With Dalton McGuinty's government about to release its long-awaited poverty reduction strategy next month after a decade of economic growth and a looming recession, the irony of the new welfare rate isn't lost on Hozer.
"They spend untold millions on research and reports," says the university graduate who managed a clothing store for 15 years before his marriage and middle-class life was washed away by mental health problems and alcohol addiction.
"But if they just spent that money implementing the reports they write, we'd all be better off."
Welfare rates did increase after the Transitions report and reached a high of $663 for a single person in 1993 under Bob Rae's NDP government. But with the stroke of a pen, Mike Harris's Conservatives cut them back to $520 where they stayed for a decade until the Liberals under McGuinty began small annual increases in 2005.
"It's a pretty mean way to live," says Hozer, who has been sober for five years and volunteers as a peer counsellor helping others overcome their addictions.
"Just surviving is a full-time job," he says. After paying $109 for a TTC pass and $50 for his cellphone – necessities when you are looking for work – he has just $52 left from his $112 basic needs allowance on welfare. (Since Hozer lives in subsidized housing and is, as he says, "luckier than most," his rent is only $115 a month. As a result, he doesn't receive welfare's full $349 shelter allowance.)
Single mothers will also see their cheques rise. A woman with one child under 13 will receive $970 per month including the $50 monthly Ontario Child Benefit which began for all low-income families in July.
With the benefit of hindsight, social policy expert John Stapleton, a former provincial bureaucrat and senior adviser for Transitions, now thinks the province should have put the money it spent increasing welfare rates into restructuring the system.
He hopes the McGuinty government makes that the focus of his poverty-fighting strategy. "If we knew then what we know now – the idea that the whole welfare system would fall into disrepute under Mr.
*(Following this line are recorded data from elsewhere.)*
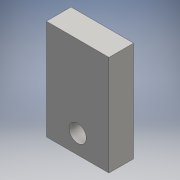
# Autodesk Inventor part: StupidPiece
Saved by Autodesk Inventor 2016 (Build 200138000, 138)
## iProperties
Created: 2017-03-11
Part Number: StupidPiece
Material: Generic
Document SubType Name: Modeling
Designer: Owner
Density: 1 g/cm^3
Appearance: Default
Author: Owner
Autodesk Inventor part; units mm, degrees
ref_plane "YZ Plane" through (0, 0, 0) normal (1, 0, 0) x (0, 1, 0)
ref_plane "XZ Plane" through (0, 0, 0) normal (0, 1, 0) x (-1, 0, 0)
ref_plane "XY Plane" through (0, 0, 0) normal (0, 0, 1) x (1, 0, 0)
sketch "Sketch1" plane through (0, 0, 0) normal (0, 1, 0) x (-1, 0, 0)
  line L0 (12.7, -214.55) -> (12.7, -224.71)
  line L1 (12.7, -224.71) -> (0, -224.71)
  line L2 (0, -224.71) -> (0, -214.55)
  line L3 (0, -214.55) -> (12.7, -214.55)
  line L4 (12.7, -214.55) -> (12.7, -224.71)
  circle A0 centre (6.35, -220.9) radius 1.75
  circle A1 centre (6.35, -220.9) radius 1.75
  point P0 (0, 0)
  constraints: 10 end point, 2 centre point, 2 parallel, 1 coincident, 1 horizontal, 1 perpendicular
extrude "Extrusion1" add sketch "Sketch1" along normal blind 5.0038
sketch "Sketch2" plane through (-12.7, 0, -214.55) normal (0, 0, 1) x (1, 0, 0)
  line L0 (12.7, 0) -> (0, 0) projected
  line L1 (12.7, 0) -> (12.7, 5.0038) projected
  line L2 (0, 5.0038) -> (12.7, 5.0038) projected
  line L3 (0, 0) -> (0, 5.0038) projected
extrude "Extrusion2" add sketch "Sketch2" along normal blind 10.16
body "Solid1"
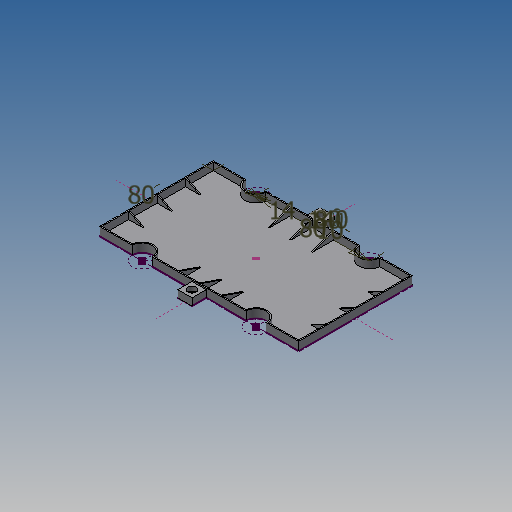
# Autodesk Inventor part: Leste_Meca_IIm_Ligne
Saved by Autodesk Inventor 2025.3 (Build 293356000, 356)
## iProperties
Created: 2026-08-27
Part Number: Leste_Meca_IIm_Ligne
Project: Nom Projet
Material: .
Description: Nom pièce
Document SubType Name: Modeling
Designer: jules
Authority: brut Ø
Mass: 0.0117645 g
Surface Area: 284.842 cm^2
Volume: 11.7645 cm^3
Density: 0.001 g/cm^3
Appearance: Par défaut
Material number: ---
Author: jules
Autodesk Inventor part; units mm, degrees
ref_plane "Plan YZ" through (0, 0, 0) normal (1, 0, 0) x (0, 1, 0)
ref_plane "Plan XZ" through (0, 0, 0) normal (0, 1, 0) x (-1, 0, 0)
ref_plane "Plan XY" through (0, 0, 0) normal (0, 0, 1) x (1, 0, 0)
sketch "Esquisse1" plane through (0, 0, 0) normal (0, 0, 1) x (1, 0, 0)
  line L0 (70, -40) -> (-70, -40) construction
  line L1 (-70, -40) -> (-70, 40)
  line L2 (-70, 40) -> (70, 40) construction
  line L3 (70, 40) -> (70, -40)
  line L4 (70, -40) -> (-70, 40) construction
  line L5 (-70, -40) -> (70, 40) construction
  line L6 (40, -40) -> (-40, -40) construction
  line L7 (-40, -40) -> (-40, 40) construction
  line L8 (-40, 40) -> (40, 40) construction
  line L9 (40, 40) -> (40, -40) construction
  line L10 (40, -40) -> (-40, 40) construction
  line L11 (-40, -40) -> (40, 40) construction
  circle A0 centre (-40, 40) radius 7 construction
  line L12 (-98, 0) -> (98, 0) construction
  arc A1 (-47, 40) -> (-33, 40) centre (-40, 40) ccw
  circle A2 centre (40, 40) radius 7 construction
  arc A3 (33, 40) -> (47, 40) centre (40, 40) ccw
  circle A4 centre (-40, -40) radius 7 construction
  arc A5 (-33, -40) -> (-47, -40) centre (-40, -40) ccw
  circle A6 centre (40, -40) radius 7 construction
  arc A7 (47, -40) -> (33, -40) centre (40, -40) ccw
  line L13 (-47, 40) -> (-70, 40)
  line L14 (-33, 40) -> (33, 40)
  line L15 (47, 40) -> (70, 40)
  line L16 (-70, -40) -> (70, -40) construction
  line L17 (-47, -40) -> (-70, -40)
  line L18 (-33, -40) -> (33, -40)
  line L19 (47, -40) -> (70, -40)
  line L20 (0, -70) -> (0, 70) construction
  line L21 (-5, 40) -> (5, 40)
  line L22 (5, 40) -> (5, 50)
  line L23 (5, 50) -> (-5, 50)
  line L24 (-5, 50) -> (-5, 40)
  line L25 (-5, 40) -> (5, 50) construction
  line L26 (5, 40) -> (-5, 50) construction
  line L27 (-70, -40) -> (70, -40) construction
  line L28 (-40, -40) -> (40, -40) construction
  line L29 (-33, -40) -> (33, -40)
  line L30 (5, -40) -> (5, -50)
  line L31 (5, -50) -> (-5, -50)
  line L32 (-5, -50) -> (-5, -40)
  point P0 (0, 0)
  point P1 (0, 45)
  dimension "d0" = 140
  dimension "d1" = 80
  dimension "d2" = 80
  dimension "d3" = 14
  dimension "d13" = 80
  dimension "d34" = 10
  dimension "d35" = 10
  constraints: 62 end point, 17 point on circle, 14 symmetric about line, 8 centre point, 6 midpoint, 6 parallel, 6 point on line, 4 collinear, 4 horizontal, 3 perpendicular, 1 coincident, 1 concentric, 1 vertical, 10 other
  measures "d0" distance of L1.end L2.end
  measures "d1" distance of L0.end L1.end
  measures "d2" distance of L7.end L8.end
  measures "d3" diameter of A0
  measures "d13" distance of A0.centre A2.centre
  measures "d34" distance of L23.end L22.end
  measures "d35" distance of L22.end L21.end
extrude "Extrusion1" add sketch "Esquisse1" along normal blind 6 contours L1 L13 A1 L14 A3 L15 L3 L19 A7 L18 A5 L17
shell "Coque1" thickness 0.8 removed faces 1 at (-11.5868, 11.786, 6)
sketch "Esquisse6" plane through (0, 0, 0) normal (1, 0, 0) x (0, 1, 0)
  line L0 (-39.2, 0.8) -> (-32.2, 0.8) construction
  line L1 (-39.2, 0.8) -> (-39.2, 6) construction
  line L2 (39.2, 0.8) -> (-39.2, 0.8) construction
  line L3 (-39.2, 0.8) -> (-39.2, 6) construction
  line L4 (-39.2, 6) -> (-24.2, 0.8)
  line L5 (-39.2, 0.8) -> (-39.2, 6)
  line L6 (-39.2, 0.8) -> (-24.2, 0.8)
  line L7 (0, -1.2) -> (0, 7.2) construction
  line L8 (39.2, 0.8) -> (32.2, 0.8) construction
  line L9 (39.2, 0.8) -> (39.2, 6) construction
  line L10 (-39.2, 0.8) -> (39.2, 0.8) construction
  line L11 (39.2, 0.8) -> (39.2, 6) construction
  line L12 (39.2, 6) -> (24.2, 0.8)
  line L13 (39.2, 0.8) -> (39.2, 6)
  line L14 (39.2, 0.8) -> (24.2, 0.8)
  point P0 (0, 0)
  dimension "d22" = 15
  constraints: 20 end point, 5 symmetric about line, 2 collinear, 2 point on line
  measures "d22" distance of L0.start L4.end
extrude "Extrusion2" add sketch "Esquisse6" along normal mid plane 0.8
pattern_linear "Réseau rectangulaire1" count 3 spacing 15 along (-1, 0, 0) of "Extrusion2" first direction both ways yes
sketch "Esquisse7" plane through (0, 0, 0) normal (0, 1, 0) x (-1, 0, 0)
  line L0 (69.2, 0.8) -> (69.2, 6) construction
  line L1 (47.7589, 0.8) -> (69.2, 0.8) construction
  line L2 (69.2, 6) -> (59.2, 0.8)
  line L3 (69.2, 0.8) -> (69.2, 6)
  line L4 (69.2, 0.8) -> (59.2, 0.8)
  line L5 (0, -1.2) -> (0, 7.2) construction
  line L6 (-69.2, 0.8) -> (-69.2, 6) construction
  line L7 (-47.7589, 0.8) -> (-69.2, 0.8) construction
  line L8 (-69.2, 6) -> (-59.2, 0.8)
  line L9 (-69.2, 0.8) -> (-69.2, 6)
  line L10 (-69.2, 0.8) -> (-59.2, 0.8)
  point P0 (0, 0)
  dimension "d28" = 10
  constraints: 16 end point, 4 symmetric about line, 2 point on line, 1 perpendicular, 1 vertical
  measures "d28" distance from line of L0 L2.end
extrude "Extrusion3" add sketch "Esquisse7" along normal mid plane 0.8
pattern_linear "Réseau rectangulaire2" count 3 spacing 20 along (0, -1, 0) of "Extrusion3" first direction both ways yes
extrude "Extrusion4" add sketch "Esquisse1" along normal blind 5 contours L18 L30 L31 L32 | L24 L23 L22 L14
sketch "Esquisse8" plane through (0, 0, 5) normal (0, 0, 1) x (1, 0, 0)
  line L0 (-5, 40) -> (5, 50) construction
  line L1 (5, 40) -> (-5, 50) construction
  point P0 (0, 0)
  point P1 (0, 45)
hole "Perçage1" at (0, 45, 5) direction (0, 0, -1) diameter 3.4 end through all start extended yes counterbore diameter 6 counterbore depth 3 clearance for "Vis d'assemblage à tête hexagonale ISO 24017" size "M3" standard "ISO"
mirror "Mise en miroir1" about plane through (0, 0, 0) normal (0, 1, 0) of "Perçage1"
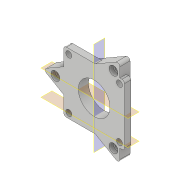
# Autodesk Inventor part: 20_Cube_Insert_Openflexure_Deltastage_Adapter
Saved by Autodesk Inventor 2019 (Build 230136000, 136)
## iProperties
Created: 2019-11-15
Part Number: 20_Cube_Insert_Openflexure_Deltastage_Adapter
Material: Generic
Document SubType Name: Modeling
Designer: diederichbenedict
Density: 1 g/cm^3
Appearance: Default
Author: diederichbenedict
Autodesk Inventor part; units mm, degrees
ref_plane "YZ Plane" through (0, 0, 0) normal (1, 0, 0) x (0, 1, 0)
ref_plane "XZ Plane" through (0, 0, 0) normal (0, 1, 0) x (-1, 0, 0)
ref_plane "XY Plane" through (0, 0, 0) normal (0, 0, 1) x (1, 0, 0)
sketch "Sketch1" plane through (0, 0, 0) normal (0, 0, 1) x (1, 0, 0)
  line L0 (15.2998, 26.5) -> (15.2998, -26.5) construction
  line L1 (15.2998, -26.5) -> (-30.5996, 0) construction
  line L2 (-30.5996, 0) -> (15.2998, 26.5) construction
  line L3 (0, 48.0119) -> (0, -48.0119) projected
  circle A0 centre (0, 0) radius 12.5
  line L4 (24.9, -24.45) -> (-24.9, -24.45) construction
  line L5 (-24.9, -24.45) -> (-24.9, 24.45) construction
  line L6 (-24.9, 24.45) -> (24.9, 24.45) construction
  line L7 (24.9, 24.45) -> (24.9, -24.45) construction
  line L8 (24.9, -24.45) -> (-24.9, 24.45) construction
  line L9 (-24.9, -24.45) -> (24.9, 24.45) construction
  line L10 (20, -20) -> (-20, -20) construction
  line L11 (-20, -20) -> (-20, 20) construction
  line L12 (-20, 20) -> (20, 20) construction
  line L13 (20, 20) -> (20, -20) construction
  line L14 (20, -20) -> (-20, 20) construction
  line L15 (-20, -20) -> (20, 20) construction
  line L16 (-37.5996, -1.7321) -> (17.2998, -33.4282)
  line L17 (20.2998, -31.6962) -> (20.2998, 31.6962)
  line L18 (17.2998, 33.4282) -> (-37.5996, 1.7321)
  arc A1 (-37.5996, 1.7321) -> (-37.5996, -1.7321) centre (-36.5996, 0) ccw
  arc A2 (20.2998, 31.6962) -> (17.2998, 33.4282) centre (18.2998, 31.6962) ccw
  arc A3 (17.2998, -33.4282) -> (20.2998, -31.6962) centre (18.2998, -31.6962) ccw
  circle A4 centre (15.2998, 26.5) radius 2
  circle A5 centre (-30.5996, 0) radius 2
  circle A6 centre (15.2998, -26.5) radius 2
  dimension "d1" = 53
  dimension "d2" = 25
  dimension "d3" = 49.8
  dimension "d4" = 48.9
  dimension "d5" = 40
  dimension "d6" = 40
  dimension "d7" = 5
  dimension "d8" = 2
  dimension "d9" = 4
  dimension "d10" = 4
  dimension "d11" = 4
  constraints: 36 end point, 7 centre point, 6 point on circle, 6 tangent, 5 coincident, 5 parallel, 4 midpoint, 2 equal radius, 2 horizontal, 2 perpendicular, 9 other
  measures "d1" distance of L0.end L0.start
  measures "d2" diameter of A0
  measures "d3" distance of L5.end L6.end
  measures "d4" distance of L4.end L5.end
  measures "d5" distance of L11.end L12.end
  measures "d6" distance of L10.end L11.end
  measures "d7" distance between parallel lines of L1 L16
  measures "d8" radius of A1
  measures "d9" diameter of A4
  measures "d10" diameter of A5
  measures "d11" diameter of A6
extrude "Extrusion1" add sketch "Sketch1" along normal blind 3 contours L18 A2 L17 A3 L16 L3 A0 | L3 A0 L16 A1 L18
sketch "Sketch3" plane through (0, 0, 3) normal (0, 0, 1) x (1, 0, 0)
  circle A0 centre (0, 0) radius 12.5 projected
  circle A1 centre (15.2998, -26.5) radius 2 projected
  circle A2 centre (-30.5996, 0) radius 2 projected
  circle A3 centre (15.2998, 26.5) radius 2 projected
  line L0 (-37.5996, -1.7321) -> (17.2998, -33.4282) projected
  arc A4 (17.2998, -33.4282) -> (20.2998, -31.6962) centre (18.2998, -31.6962) ccw projected
  line L1 (20.2998, -31.6962) -> (20.2998, 31.6962) projected
  arc A5 (20.2998, 31.6962) -> (17.2998, 33.4282) centre (18.2998, 31.6962) ccw projected
  line L2 (17.2998, 33.4282) -> (-37.5996, 1.7321) projected
  arc A6 (-37.5996, 1.7321) -> (-37.5996, -1.7321) centre (-36.5996, 0) ccw projected
  line L3 (22, -24) -> (-22, -24)
  line L4 (-24, -22) -> (-24, 22)
  line L5 (-22, 24) -> (22, 24)
  line L6 (24, 22) -> (24, -22)
  line L7 (24, -24) -> (-24, 24) construction
  line L8 (-24, -24) -> (24, 24) construction
  arc A7 (-22, 24) -> (-24, 22) centre (-22, 22) ccw
  arc A8 (-24, -22) -> (-22, -24) centre (-22, -22) ccw
  arc A9 (22, -24) -> (24, -22) centre (22, -22) ccw
  arc A10 (24, 22) -> (22, 24) centre (22, 22) ccw
  line L9 (17.2998, 33.4282) -> (-37.5996, 1.7321) projected
  line L10 (-37.5996, -1.7321) -> (17.2998, -33.4282) projected
  line L11 (20.2998, -31.6962) -> (20.2998, 31.6962) projected
  point P0 (20.2998, 24)
  point P1 (-24, 9.5838)
  point P2 (-24, -9.5838)
  point P3 (0.9697, -24)
  point P4 (20.2998, -24)
  dimension "d14" = 48
  dimension "d15" = 48
  dimension "d16" = 2
  constraints: 18 point on line, 12 end point, 8 point on circle, 8 tangent, 4 centre point, 3 equal radius, 2 midpoint, 2 parallel, 1 horizontal, 1 perpendicular
  measures "d14" distance of L7.end L8.end
  measures "d15" distance between parallel lines of L3 L5
  measures "d16" radius of A7
extrude "Extrusion2" add sketch "Sketch3" along normal blind 5 contours A0 | A1 | A3 | A6 L2 L4 L0 | L4 L2 L5 L1 L3 L0 | L0 L3 A8 L4 | L3 L1 A4 L0 | L4 A7 L5 L2 | L1 L5 A10 L6 A9 L3 | L2 A5 L1 L5
sketch "Sketch4" plane through (0, 0, 8) normal (0, 0, 1) x (1, 0, 0)
  circle A0 centre (0, 0) radius 12.5 projected
  line L0 (20, -20) -> (-20, -20) construction
  line L1 (-20, -20) -> (-20, 20) construction
  line L2 (-20, 20) -> (20, 20) construction
  line L3 (20, 20) -> (20, -20) construction
  line L4 (20, -20) -> (-20, 20) construction
  line L5 (-20, -20) -> (20, 20) construction
  circle A1 centre (15.2998, 26.5) radius 2 projected
  circle A2 centre (15.2998, -26.5) radius 2 projected
  dimension "d19" = 40
  dimension "d20" = 40
  constraints: 12 end point, 2 midpoint, 2 parallel, 1 horizontal, 1 perpendicular
  measures "d19" distance of L1.end L2.end
  measures "d20" distance of L0.end L1.end
extrude "Extrusion3" cut sketch "Sketch4" against normal through all
ref_plane "Work Plane1" through (-22, 0, 3) normal (0, 1, 0) x (1, 0, 0)
ref_plane "Work Plane2" through (0, -22, 3) normal (-1, 0, 0) x (0, 0, 1)
ref_plane "Work Plane3" through (-22, -20, 3) normal (0, 1, 0) x (1, 0, 0)
sketch "Sketch5" plane through (-22, -20, 3) normal (0, 1, 0) x (1, 0, 0)
  line L0 (22.9697, 0) -> (22.9697, -5) projected
  line L1 (22.9697, 0) -> (0, 0) projected
  line L2 (0, 0) -> (0, -5) projected
  line L3 (22.9697, -5) -> (0, -5) projected
  circle A0 centre (2, -4.2) radius 2.5
  line L4 (22, -11.7547) -> (22, 5.4591) projected
  line L5 (-0.5, -4.2) -> (4.5, -4.2)
  line L6 (0, 0) -> (0, -5) projected
  point P0 (22, 3)
  dimension "d24" = 5
  dimension "d25" = 20
  dimension "d26" = 0.8
  constraints: 2 end point, 2 point on circle, 1 centre point, 1 horizontal, 1 other
  measures "d24" diameter of A0
  measures "d25" distance from line of A0.centre L4
  measures "d26" distance from line of A0.centre L3
revolve "Revolution1" cut sketch "Sketch5" angle 360 about axis through (-22.5, -20, 7.2) along (1, 0, 0) contours A0 L5 L2 L3 | L3 L2 L5 A0
pattern_linear "Rectangular Pattern1" count 2 spacing 40 along (1, 0, 0) count 2 spacing 40 along (0, 1, 0) of "Revolution1"
sketch "Sketch6" plane through (0, 0, 8) normal (0, 0, 1) x (1, 0, 0)
  circle A0 centre (20, 20) radius 2.3685 projected
  circle A1 centre (-20, 20) radius 2.3685 projected
  circle A2 centre (20, -20) radius 2.3685 projected
  circle A3 centre (-20, -20) radius 2.3685 projected
  circle A4 centre (15.2998, -26.5) radius 2 projected
  circle A5 centre (15.2998, 26.5) radius 2 projected
  circle A6 centre (0, 0) radius 12.5 projected
  circle A7 centre (-30.5996, 0) radius 2 projected
  line L0 (0.9697, 24) -> (-22, 24) projected
  arc A8 (-22, 24) -> (-24, 22) centre (-22, 22) ccw projected
  line L1 (-24, 22) -> (-24, 9.5838) projected
  line L2 (-24, 9.5838) -> (-37.5996, 1.7321) projected
  arc A9 (-37.5996, 1.7321) -> (-37.5996, -1.7321) centre (-36.5996, 0) ccw projected
  line L3 (-37.5996, -1.7321) -> (-24, -9.5838) projected
  line L4 (-24, -9.5838) -> (-24, -22) projected
  arc A10 (-24, -22) -> (-22, -24) centre (-22, -22) ccw projected
  line L5 (-22, -24) -> (0.9697, -24) projected
  line L6 (0.9697, -24) -> (17.2998, -33.4282) projected
  arc A11 (17.2998, -33.4282) -> (20.2998, -31.6962) centre (18.2998, -31.6962) ccw projected
  line L7 (20.2998, -31.6962) -> (20.2998, -24) projected
  line L8 (20.2998, -24) -> (22, -24) projected
  arc A12 (22, -24) -> (24, -22) centre (22, -22) ccw projected
  line L9 (24, -22) -> (24, 22) projected
  arc A13 (24, 22) -> (22, 24) centre (22, 22) ccw projected
  line L10 (22, 24) -> (20.2998, 24) projected
  line L11 (20.2998, 24) -> (20.2998, 31.6962) projected
  arc A14 (20.2998, 31.6962) -> (17.2998, 33.4282) centre (18.2998, 31.6962) ccw projected
  line L12 (17.2998, 33.4282) -> (0.9697, 24) projected
hole "Hole1" at (15.2998, 26.5, 8) at (15.2998, -26.5, 8) at (-30.5996, 0, 8) direction (0, 0, -1) diameter 2.8 depth 30 tip angle 118 counterbore diameter 7 counterbore depth 3.1
body "Solid1"

Harris – we might have moved quicker on retooling," he says.
Bolstering a system like welfare, that is so reviled by the public, only leaves it open to attack, he says, adding that even those receiving it hate it. It's far better to build supports for the poor outside welfare that are available to a broader range of people, Stapleton adds, pointing to the Ontario Child Benefit, the National Child Benefit and the GST and PST credits that are available to all low-income individuals and families through the tax system.
Mary Marrone, of the Income Advocacy Support Centre, which advocates on behalf of low-income people in Ontario, agrees the province has to think more broadly about programs to help the poor. But she doesn't want it to be at the expense of people on welfare.
"Federal tax-delivered programs provide stability if your life is stable," she says. "But if your life isn't stable, you need a program that responds to crisis and responds to an immediate loss of income."
Tax-delivered programs often exclude people on welfare, she notes. For example, the national child benefit supplement was clawed back. And Ontario's child benefit is lower for families on welfare.
"Welfare is designed to support an extremely vulnerable population," Marrone says. "I worry if you let it whither on the vine, then for the next five or 10 years it will get even worse for people who rely on the program."
Both Marrone and Stapleton agree that legislating a poverty reduction strategy with measurable goals and timetables, as recommended by activists this week, may be one way to protect reforms the McGuinty Liberals may make.
"There's nothing stopping a future government from bringing in new legislation," Stapleton acknowledges. "But it would require a full public debate in the legislature."